(Items from a dataset)
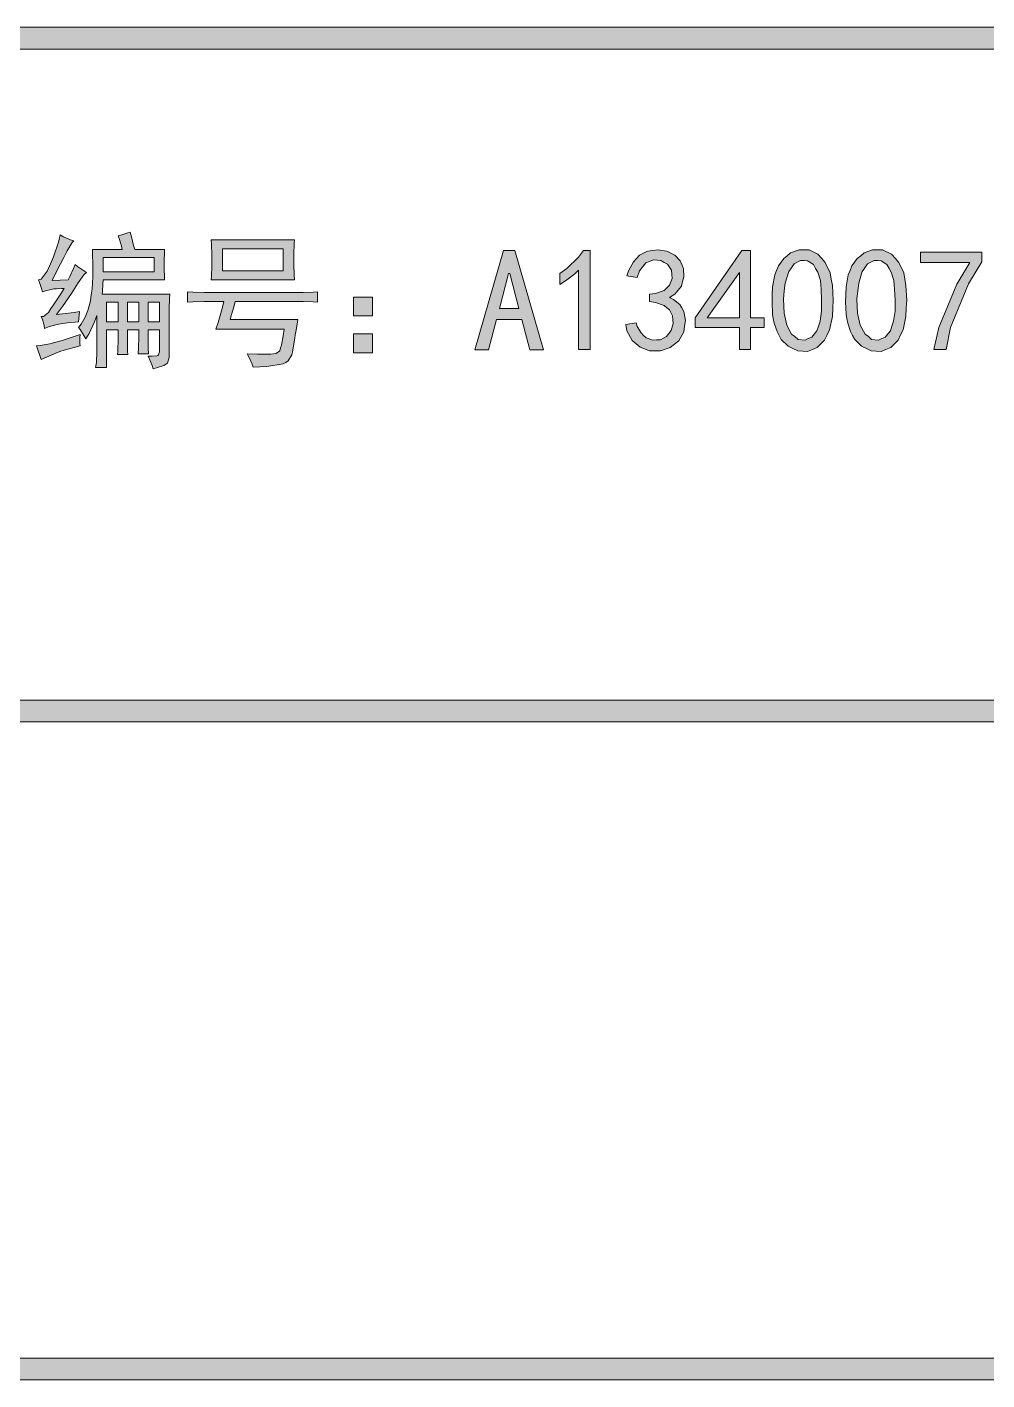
# Model space of a CAD drawing. Header units: millimetres. Extents: x 0 to 829, y 0 to 586.
# Drawn here: x 790.24 to 808.8, y 473.11 to 499.25 of the extents above; entities that cross this region are included whole.
import ezdxf

# ---------------------------------------------------------------- set-up
doc = ezdxf.new("R2010")
doc.units = ezdxf.units.MM

msp = doc.modelspace()

# ---------------------------------------------------------------- hatches: boundary and pattern name
h = msp.add_hatch(color=0)
h.dxf.hatch_style = 2
h.paths.add_polyline_path([(819.294639, 499.254639), (819.294639, 498.827778), (769.958667, 498.827778), (769.958667, 499.254639)])
h = msp.add_hatch(color=0)
h.paths.add_polyline_path([(792.229528, 495.289417), (792.254222, 495.201222), (792.296556, 495.035417), (792.317722, 494.957806), (792.896278, 494.957806), (792.89275, 494.890778), (792.885694, 494.742611), (792.885694, 494.657944), (792.885694, 494.573278), (792.89275, 494.428639), (792.896278, 494.368667), (791.707417, 494.368667), (791.703889, 494.287528), (791.693306, 494.146417), (791.68625, 494.089972), (792.995056, 494.089972), (792.991528, 494.001778), (792.984472, 493.814806), (792.984472, 493.7125), (792.984472, 492.946972), (792.984472, 492.865833), (792.949194, 492.76), (792.913917, 492.735306), (792.878639, 492.714139), (792.758694, 492.671806), (792.674028, 492.647111), (792.656389, 492.714139), (792.607, 492.837611), (792.57525, 492.894056), (792.652861, 492.894056), (792.748111, 492.901111), (792.762222, 492.908167), (792.779861, 492.91875), (792.7975, 492.975194), (792.7975, 493.024583), (792.7975, 493.402056), (792.57525, 493.402056), (792.57525, 493.282111), (792.578778, 493.049278), (792.585833, 492.936389), (792.38475, 492.936389), (792.391806, 493.049278), (792.395333, 493.282111), (792.395333, 493.402056), (792.176611, 493.402056), (792.176611, 493.232722), (792.180139, 492.992833), (792.187194, 492.925806), (791.986111, 492.925806), (791.993167, 492.992833), (791.996694, 493.232722), (791.996694, 493.402056), (791.774444, 493.402056), (791.774444, 492.671806), (791.562778, 492.671806), (791.576889, 492.774111), (791.587472, 492.98225), (791.587472, 493.081028), (791.587472, 493.68075), (791.541611, 493.557278), (791.435778, 493.3315), (791.375806, 493.225667), (791.337, 493.296222), (791.262917, 493.409111), (791.231167, 493.447917), (791.280556, 493.514944), (791.358167, 493.649), (791.386389, 493.7125), (791.414611, 493.779528), (791.460472, 493.962972), (791.474583, 494.079389), (791.492222, 494.195806), (791.509861, 494.428639), (791.509861, 494.545056), (791.509861, 494.665), (791.502806, 494.869611), (791.499278, 494.957806), (792.074306, 494.957806), (792.063722, 495.017778), (792.024917, 495.151833), (791.996694, 495.222389), (792.070778, 495.240028), (792.187194, 495.275306)])
h.paths.add_polyline_path([(792.695194, 494.523889), (792.695194, 494.802583), (791.707417, 494.802583), (791.707417, 494.523889)])
h.paths.add_polyline_path([(792.395333, 493.557278), (792.395333, 493.93475), (792.176611, 493.93475), (792.176611, 493.557278)])
h.paths.add_polyline_path([(792.7975, 493.557278), (792.7975, 493.93475), (792.57525, 493.93475), (792.57525, 493.557278)])
h.paths.add_polyline_path([(791.996694, 493.557278), (791.996694, 493.93475), (791.774444, 493.93475), (791.774444, 493.557278)])
h = msp.add_hatch(color=0)
h.dxf.hatch_style = 2
h.paths.add_polyline_path([(791.142972, 495.123611), (791.107694, 495.091861), (791.012444, 494.929583), (790.948944, 494.802583), (790.885444, 494.675583), (790.769028, 494.453333), (790.719639, 494.358083), (791.030083, 494.368667), (791.065361, 494.435694), (791.132389, 494.587389), (791.164139, 494.668528), (791.213528, 494.629722), (791.326417, 494.552111), (791.386389, 494.513306), (791.337, 494.463917), (791.224111, 494.312222), (791.160611, 494.206389), (791.093583, 494.104083), (790.920722, 493.853611), (790.807833, 493.701917), (790.92425, 493.7125), (791.1465, 493.740722), (791.252333, 493.758361), (791.231167, 493.557278), (791.164139, 493.55375), (791.015972, 493.536111), (790.931306, 493.525528), (790.846639, 493.514944), (790.67025, 493.465556), (790.575, 493.42675), (790.564417, 493.486722), (790.532667, 493.603139), (790.507972, 493.659583), (790.553833, 493.663111), (790.649083, 493.740722), (790.698472, 493.814806), (790.747861, 493.885361), (790.874861, 494.079389), (790.952472, 494.202861), (790.903083, 494.202861), (790.804306, 494.195806), (790.754917, 494.192278), (790.705528, 494.185222), (790.592639, 494.157), (790.532667, 494.135833), (790.515028, 494.202861), (790.476222, 494.319278), (790.455056, 494.368667), (790.507972, 494.37925), (790.624389, 494.534472), (790.687889, 494.675583), (790.747861, 494.816694), (790.843111, 495.095389), (790.874861, 495.2365), (790.941889, 495.197694), (791.075944, 495.14125)])
h = msp.add_hatch(color=0)
h.paths.add_polyline_path([(795.404528, 495.144778), (795.401, 495.063639), (795.393944, 494.873139), (795.393944, 494.767306), (795.393944, 494.665), (795.401, 494.463917), (795.404528, 494.368667), (793.795861, 494.368667), (793.802917, 494.446278), (793.806444, 494.629722), (793.806444, 494.735556), (793.806444, 494.844917), (793.802917, 495.053056), (793.795861, 495.144778)])
h.paths.add_polyline_path([(795.185806, 494.545056), (795.185806, 494.968389), (794.018111, 494.968389), (794.018111, 494.545056)])
h = msp.add_hatch(color=0)
h.paths.add_polyline_path([(800.223472, 493.014), (799.958889, 493.014), (799.803667, 493.603139), (799.313306, 493.603139), (799.158083, 493.014), (798.8935, 493.014), (799.447361, 494.936639), (799.669611, 494.936639)])
h.paths.add_polyline_path([(799.747222, 493.814806), (799.570833, 494.492139), (799.546139, 494.492139), (799.36975, 493.814806)])
h = msp.add_hatch(color=0)
h.dxf.hatch_style = 2
h.paths.add_polyline_path([(800.900806, 494.559167), (800.83025, 494.485083), (800.646806, 494.3475), (800.537444, 494.280472), (800.537444, 494.492139), (800.675028, 494.587389), (800.900806, 494.806111), (800.992528, 494.936639), (801.123056, 494.936639), (801.123056, 493.024583), (800.900806, 493.024583)])
h = msp.add_hatch(color=0)
h.dxf.hatch_style = 2
h.paths.add_polyline_path([(801.8145, 493.504361), (802.012056, 493.536111), (802.033222, 493.465556), (802.107306, 493.345611), (802.156694, 493.296222), (802.206083, 493.250361), (802.333083, 493.2045), (802.407167, 493.208028), (802.48125, 493.211556), (802.601194, 493.271528), (802.647056, 493.3315), (802.689389, 493.387944), (802.728194, 493.522), (802.724667, 493.596083), (802.717611, 493.673694), (802.661167, 493.790111), (802.60825, 493.828917), (802.555333, 493.87125), (802.386, 493.931222), (802.269583, 493.948861), (802.269583, 494.089972), (802.386, 494.104083), (802.555333, 494.164056), (802.60825, 494.213444), (802.661167, 494.262833), (802.707028, 494.393361), (802.699972, 494.4745), (802.696444, 494.555639), (802.622361, 494.672056), (802.555333, 494.707333), (802.491833, 494.742611), (802.347194, 494.753194), (802.273111, 494.724972), (802.199028, 494.69675), (802.079083, 494.541528), (802.033222, 494.414528), (801.835667, 494.446278), (801.867417, 494.545056), (801.959139, 494.714389), (802.019111, 494.781417), (802.075556, 494.844917), (802.234306, 494.922528), (802.333083, 494.936639), (802.435389, 494.947222), (802.60825, 494.922528), (802.685861, 494.883722), (802.759944, 494.848444), (802.865778, 494.739083), (802.894, 494.665), (802.92575, 494.587389), (802.932806, 494.425111), (802.911639, 494.336917), (802.890472, 494.248722), (802.763472, 494.089972), (802.657639, 494.026472), (802.73525, 493.991194), (802.855194, 493.892417), (802.894, 493.825389), (802.936333, 493.758361), (802.964556, 493.581972), (802.950444, 493.476139), (802.936333, 493.366778), (802.841083, 493.190389), (802.756417, 493.126889), (802.67175, 493.059861), (802.484778, 492.996361), (802.378944, 492.996361), (802.273111, 492.999889), (802.089667, 493.066917), (802.012056, 493.130417), (801.934444, 493.193917), (801.835667, 493.380889)])
h = msp.add_hatch(color=0)
h.paths.add_polyline_path([(804.012306, 493.447917), (803.155056, 493.447917), (803.155056, 493.634889), (804.054639, 494.936639), (804.223972, 494.936639), (804.223972, 493.634889), (804.488556, 493.634889), (804.488556, 493.447917), (804.223972, 493.447917), (804.223972, 493.024583), (804.012306, 493.024583)])
h.paths.add_polyline_path([(804.012306, 493.634889), (804.012306, 494.513306), (803.387889, 493.634889)])
h = msp.add_hatch(color=0)
h.paths.add_polyline_path([(804.643778, 494.086444), (804.650833, 494.234611), (804.693167, 494.467444), (804.728444, 494.552111), (804.763722, 494.636778), (804.866028, 494.781417), (804.933056, 494.834333), (805.000083, 494.890778), (805.162361, 494.947222), (805.261139, 494.947222), (805.356389, 494.947222), (805.525722, 494.866083), (805.599806, 494.784944), (805.670361, 494.703806), (805.765611, 494.502722), (805.786778, 494.37925), (805.811472, 494.259306), (805.825583, 493.977083), (805.815, 493.818333), (805.807944, 493.659583), (805.7515, 493.402056), (805.705639, 493.303278), (805.65625, 493.2045), (805.515139, 493.063389), (805.419889, 493.024583), (805.328167, 492.985778), (805.137667, 492.996361), (805.042417, 493.042222), (804.950694, 493.088083), (804.816639, 493.215083), (804.777833, 493.292694), (804.739028, 493.370306), (804.682583, 493.532583), (804.664944, 493.620778), (804.650833, 493.705444), (804.64025, 493.938278)])
h.paths.add_polyline_path([(804.876611, 494.153472), (804.8625, 493.99825), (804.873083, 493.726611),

• [ACTIVITY]: Each line from the top of the records through the one containing "msp = doc.modelspace()" needs to be transcribed exactly, without pictures.

• [ANSWER BOX]:
# Model space of a CAD drawing. Header units: millimetres. Extents: x 0 to 829, y 0 to 586.
# Drawn here: x 790.24 to 808.8, y 473.11 to 499.25 of the extents above; entities that cross this region are included whole.
import ezdxf

# ---------------------------------------------------------------- set-up
doc = ezdxf.new("R2010")
doc.units = ezdxf.units.MM

msp = doc.modelspace()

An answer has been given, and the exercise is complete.